* **Input data**:

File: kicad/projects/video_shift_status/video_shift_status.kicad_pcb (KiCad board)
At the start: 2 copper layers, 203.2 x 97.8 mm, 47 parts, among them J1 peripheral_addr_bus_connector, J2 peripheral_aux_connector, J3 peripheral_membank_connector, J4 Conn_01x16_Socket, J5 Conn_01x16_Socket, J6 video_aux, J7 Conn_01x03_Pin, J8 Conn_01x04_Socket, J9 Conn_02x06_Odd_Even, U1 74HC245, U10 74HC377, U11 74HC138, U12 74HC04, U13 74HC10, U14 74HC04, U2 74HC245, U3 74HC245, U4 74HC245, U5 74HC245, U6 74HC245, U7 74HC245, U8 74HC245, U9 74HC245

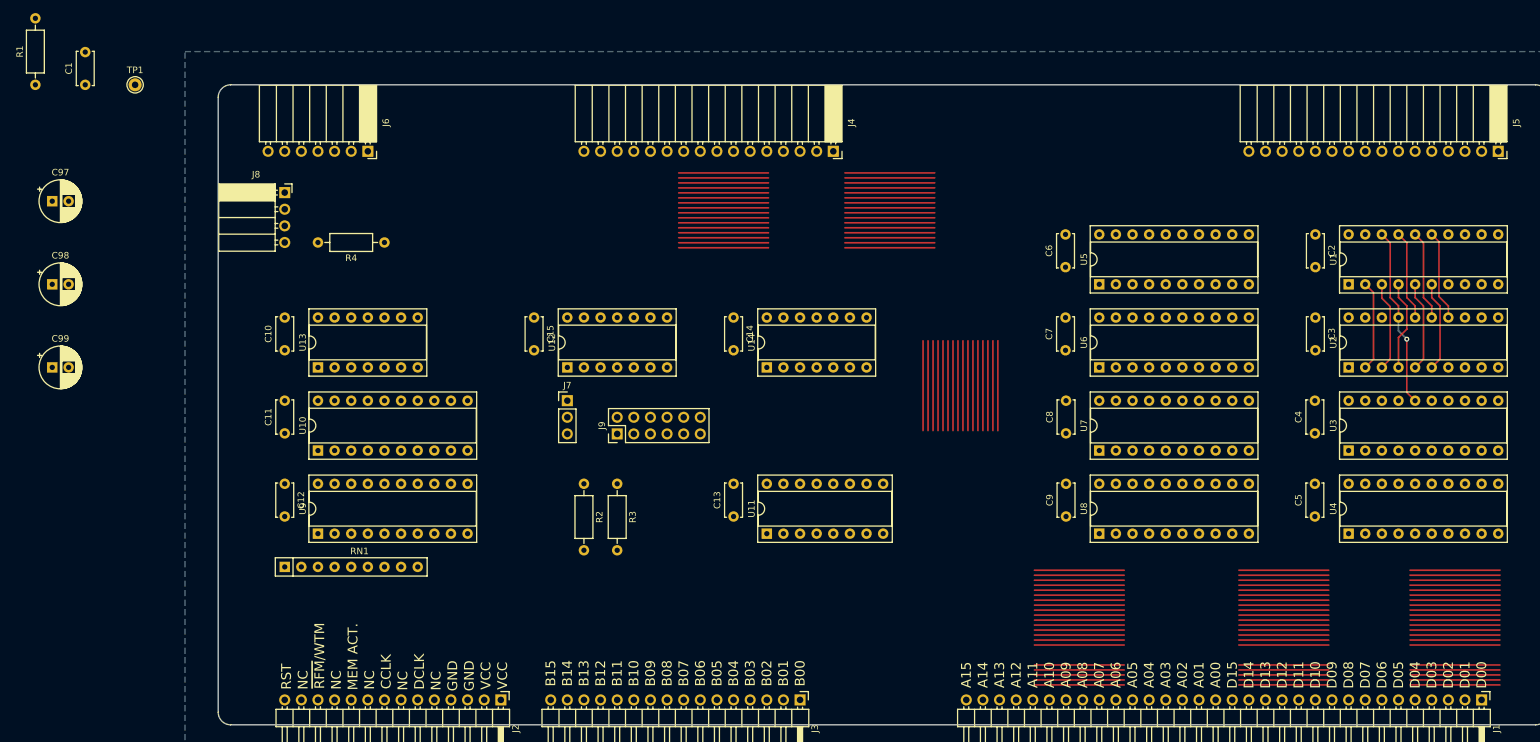
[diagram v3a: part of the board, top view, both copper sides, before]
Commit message: Start work on shift status delay PCB.
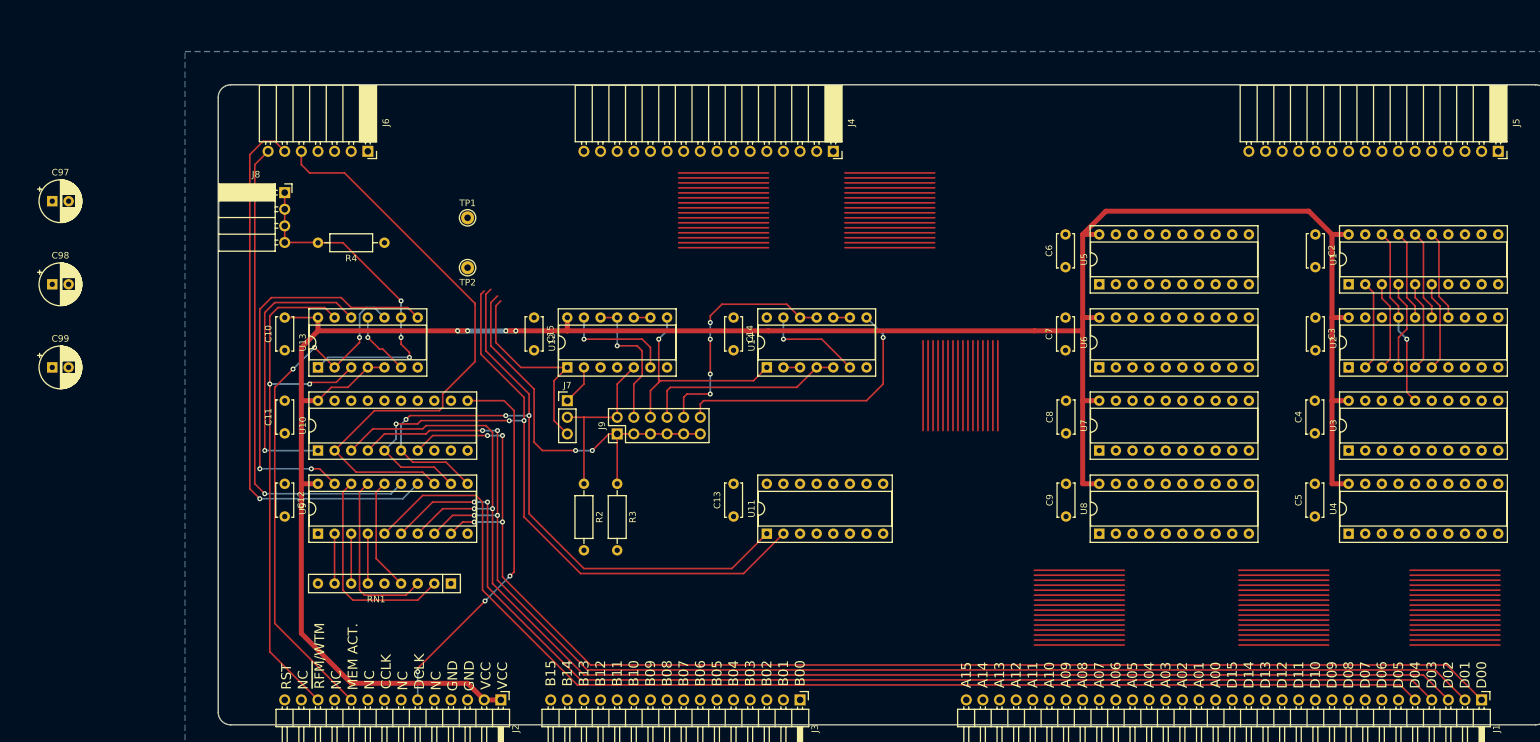
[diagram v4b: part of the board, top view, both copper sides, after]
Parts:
- removed C1: C, Capacitor_THT:C_Disc_D5.0mm_W2.5mm_P5.00mm
- removed R1: R_US, Resistor_THT:R_Axial_DIN0207_L6.3mm_D2.5mm_P10.16mm_Horizontal
- added TP2: Shift Sel 1, Connector_Pin:Pin_D1.0mm_L10.0mm, F.Cu at (88.9, 78.7)
- TP1: value TestPoint -> Shift Sel 0
- moved TP1 54.7 mm to (88.9, 71.1)
- moved RN1 25.5 mm to (86.4, 127.0), turned to 180 degrees
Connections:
- RN1 pad 6: unconnected-(RN1-R5-Pad6) -> Net-(RN1-R5)
- RN1 pad 9: Net-(RN1-R8) -> unconnected-(RN1-R8-Pad9)
- TP1 pad 1: unconnected-(TP1-Pad1) -> /SHIFT_SEL_0
- U1 pad 1: unconnected-(U1-DIR-Pad1) -> GND
- U14 pad 12: /PIX_CLK_DELAY_5 -> /PIX_CLK_DELAY_4
- U14 pad 13: Net-(U14-Pad10) -> Net-(U14-Pad13)
- U14 pad 6: Net-(U14-Pad6) -> Net-(U14-Pad13)
- U14 pad 8: /PIX_CLK_DELAY_4 -> /PIX_CLK_DELAY_5
- U14 pad 9: Net-(U14-Pad6) -> Net-(U14-Pad10)
- U2 pad 1: unconnected-(U2-DIR-Pad1) -> GND
- U3 pad 1: unconnected-(U3-DIR-Pad1) -> GND
- U4 pad 1: unconnected-(U4-DIR-Pad1) -> GND
- U5 pad 1: unconnected-(U5-DIR-Pad1) -> GND
- U6 pad 1: unconnected-(U6-DIR-Pad1) -> GND
- U7 pad 1: unconnected-(U7-DIR-Pad1) -> GND
- U8 pad 1: unconnected-(U8-DIR-Pad1) -> GND
- U9 pad 16: Net-(RN1-R8) -> Net-(RN1-R3)
- U9 pad 17: Net-(RN1-R7) -> Net-(RN1-R2)
- U9 pad 18: Net-(RN1-R6) -> Net-(RN1-R1)
- U9 pad 2: Net-(RN1-R3) -> Net-(RN1-R7)
- U9 pad 3: Net-(RN1-R2) -> Net-(RN1-R6)
- U9 pad 4: Net-(RN1-R1) -> Net-(RN1-R5)
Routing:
- net VCC: track 0.00 -> 365.9 mm, vias 0 -> 4
- net /DATA_BUS_02: track 41.1 -> 213.1 mm, vias 0 -> 2
- net /DATA_BUS_01: track 41.1 -> 210.1 mm, vias 0 -> 4
- net /DATA_BUS_00: track 41.1 -> 201.5 mm, vias 0 -> 4
- net /DATA_BUS_04: track 41.1 -> 180.7 mm
- net /DATA_BUS_03: track 41.1 -> 179.6 mm, vias 0 -> 2
- net /SHIFT_SEL_1: track 0.00 -> 120.1 mm, vias 0 -> 3
- net /SHIFT_SEL_0: track 0.00 -> 115.7 mm, vias 0 -> 3
- net /BANK_SEL: track 0.00 -> 92.0 mm
- net /~{RFM}/WTM: track 0.00 -> 86.3 mm, vias 0 -> 2
- net /H_BLANK: track 0.00 -> 85.1 mm, vias 0 -> 1
- net /MEM_ACT: track 0.00 -> 80.1 mm, vias 0 -> 3
- net /V_BLANK: track 0.00 -> 75.3 mm, vias 0 -> 1
- net /~{READ}: track 0.00 -> 62.9 mm, vias 0 -> 2
- net /PIX_CLK_MOD: track 0.00 -> 60.1 mm, vias 0 -> 2
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
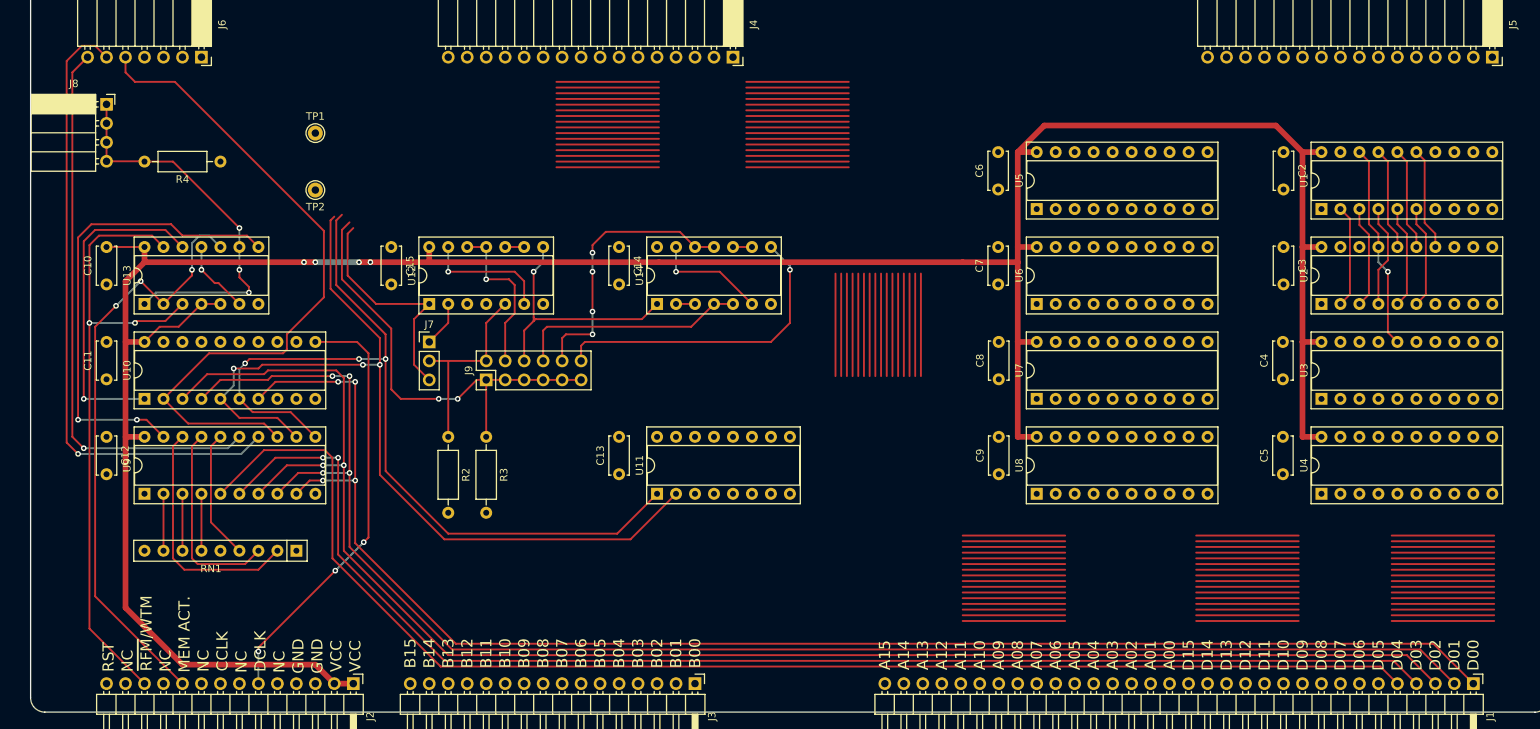
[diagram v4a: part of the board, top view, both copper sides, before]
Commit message: Most of work for shift status delay PCB complete.
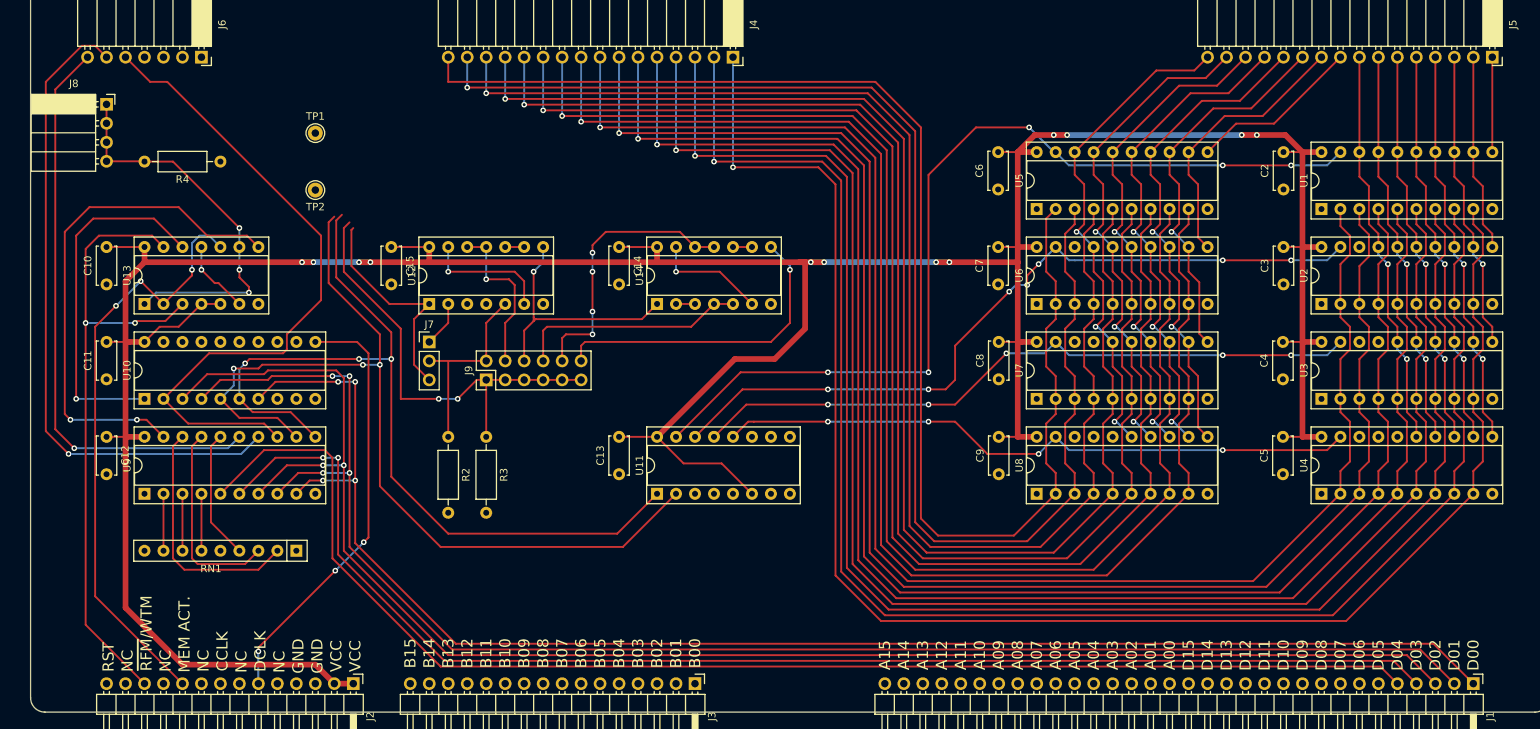
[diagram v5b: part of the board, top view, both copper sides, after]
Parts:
- moved C2 5.00 mm to (218.4, 78.7), turned to 90 degrees
- moved C3 5.00 mm to (218.4, 91.4), turned to 90 degrees
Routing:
- net /ROW_OUT_0: track 82.3 -> 217.9 mm, vias 0 -> 1
- net /ROW_OUT_1: track 82.3 -> 216.8 mm, vias 0 -> 1
- net /ROW_OUT_2: track 82.3 -> 215.7 mm, vias 0 -> 1
- net /~{SHIFT_0}: track 0.00 -> 124.4 mm, vias 0 -> 5
- net /ROW_OUT_3: track 96.0 -> 214.7 mm, vias 0 -> 1
- net /ROW_OUT_4: track 96.0 -> 213.6 mm, vias 0 -> 1
- net /ROW_OUT_5: track 96.0 -> 212.5 mm, vias 0 -> 1
- net /ROW_OUT_6: track 96.0 -> 211.4 mm, vias 0 -> 1
- net /ROW_OUT_7: track 96.0 -> 210.3 mm, vias 0 -> 1
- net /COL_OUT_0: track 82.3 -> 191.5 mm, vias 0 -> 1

* **Action item**: Word for word, set down each record shown above, omitting the pictures.

* **Response box**:
File: kicad/projects/video_shift_status/video_shift_status.kicad_pcb (KiCad board)
At the start: 2 copper layers, 203.2 x 97.8 mm, 47 parts, among them J1 peripheral_addr_bus_connector, J2 peripheral_aux_connector, J3 peripheral_membank_connector, J4 Conn_01x16_Socket, J5 Conn_01x16_Socket, J6 video_aux, J7 Conn_01x03_Pin, J8 Conn_01x04_Socket, J9 Conn_02x06_Odd_Even, U1 74HC245, U10 74HC377, U11 74HC138, U12 74HC04, U13 74HC10, U14 74HC04, U2 74HC245, U3 74HC245, U4 74HC245, U5 74HC245, U6 74HC245, U7 74HC245, U8 74HC245, U9 74HC245

[diagram v3a: part of the board, top view, both copper sides, before]
Commit message: Start work on shift status delay PCB.
[diagram v4b: part of the board, top view, both copper sides, after]
Parts:
- removed C1: C, Capacitor_THT:C_Disc_D5.0mm_W2.5mm_P5.00mm
- removed R1: R_US, Resistor_THT:R_Axial_DIN0207_L6.3mm_D2.5mm_P10.16mm_Horizontal
- added TP2: Shift Sel 1, Connector_Pin:Pin_D1.0mm_L10.0mm, F.Cu at (88.9, 78.7)
- TP1: value TestPoint -> Shift Sel 0
- moved TP1 54.7 mm to (88.9, 71.1)
- moved RN1 25.5 mm to (86.4, 127.0), turned to 180 degrees
Connections:
- RN1 pad 6: unconnected-(RN1-R5-Pad6) -> Net-(RN1-R5)
- RN1 pad 9: Net-(RN1-R8) -> unconnected-(RN1-R8-Pad9)
- TP1 pad 1: unconnected-(TP1-Pad1) -> /SHIFT_SEL_0
- U1 pad 1: unconnected-(U1-DIR-Pad1) -> GND
- U14 pad 12: /PIX_CLK_DELAY_5 -> /PIX_CLK_DELAY_4
- U14 pad 13: Net-(U14-Pad10) -> Net-(U14-Pad13)
- U14 pad 6: Net-(U14-Pad6) -> Net-(U14-Pad13)
- U14 pad 8: /PIX_CLK_DELAY_4 -> /PIX_CLK_DELAY_5
- U14 pad 9: Net-(U14-Pad6) -> Net-(U14-Pad10)
- U2 pad 1: unconnected-(U2-DIR-Pad1) -> GND
- U3 pad 1: unconnected-(U3-DIR-Pad1) -> GND
- U4 pad 1: unconnected-(U4-DIR-Pad1) -> GND
- U5 pad 1: unconnected-(U5-DIR-Pad1) -> GND
- U6 pad 1: unconnected-(U6-DIR-Pad1) -> GND
- U7 pad 1: unconnected-(U7-DIR-Pad1) -> GND
- U8 pad 1: unconnected-(U8-DIR-Pad1) -> GND
- U9 pad 16: Net-(RN1-R8) -> Net-(RN1-R3)
- U9 pad 17: Net-(RN1-R7) -> Net-(RN1-R2)
- U9 pad 18: Net-(RN1-R6) -> Net-(RN1-R1)
- U9 pad 2: Net-(RN1-R3) -> Net-(RN1-R7)
- U9 pad 3: Net-(RN1-R2) -> Net-(RN1-R6)
- U9 pad 4: Net-(RN1-R1) -> Net-(RN1-R5)
Routing:
- net VCC: track 0.00 -> 365.9 mm, vias 0 -> 4
- net /DATA_BUS_02: track 41.1 -> 213.1 mm, vias 0 -> 2
- net /DATA_BUS_01: track 41.1 -> 210.1 mm, vias 0 -> 4
- net /DATA_BUS_00: track 41.1 -> 201.5 mm, vias 0 -> 4
- net /DATA_BUS_04: track 41.1 -> 180.7 mm
- net /DATA_BUS_03: track 41.1 -> 179.6 mm, vias 0 -> 2
- net /SHIFT_SEL_1: track 0.00 -> 120.1 mm, vias 0 -> 3
- net /SHIFT_SEL_0: track 0.00 -> 115.7 mm, vias 0 -> 3
- net /BANK_SEL: track 0.00 -> 92.0 mm
- net /~{RFM}/WTM: track 0.00 -> 86.3 mm, vias 0 -> 2
- net /H_BLANK: track 0.00 -> 85.1 mm, vias 0 -> 1
- net /MEM_ACT: track 0.00 -> 80.1 mm, vias 0 -> 3
- net /V_BLANK: track 0.00 -> 75.3 mm, vias 0 -> 1
- net /~{READ}: track 0.00 -> 62.9 mm, vias 0 -> 2
- net /PIX_CLK_MOD: track 0.00 -> 60.1 mm, vias 0 -> 2

[diagram v4a: part of the board, top view, both copper sides, before]
Commit message: Most of work for shift status delay PCB complete.
[diagram v5b: part of the board, top view, both copper sides, after]
Parts:
- moved C2 5.00 mm to (218.4, 78.7), turned to 90 degrees
- moved C3 5.00 mm to (218.4, 91.4), turned to 90 degrees
Routing:
- net /ROW_OUT_0: track 82.3 -> 217.9 mm, vias 0 -> 1
- net /ROW_OUT_1: track 82.3 -> 216.8 mm, vias 0 -> 1
- net /ROW_OUT_2: track 82.3 -> 215.7 mm, vias 0 -> 1
- net /~{SHIFT_0}: track 0.00 -> 124.4 mm, vias 0 -> 5
- net /ROW_OUT_3: track 96.0 -> 214.7 mm, vias 0 -> 1
- net /ROW_OUT_4: track 96.0 -> 213.6 mm, vias 0 -> 1
- net /ROW_OUT_5: track 96.0 -> 212.5 mm, vias 0 -> 1
- net /ROW_OUT_6: track 96.0 -> 211.4 mm, vias 0 -> 1
- net /ROW_OUT_7: track 96.0 -> 210.3 mm, vias 0 -> 1
- net /COL_OUT_0: track 82.3 -> 191.5 mm, vias 0 -> 1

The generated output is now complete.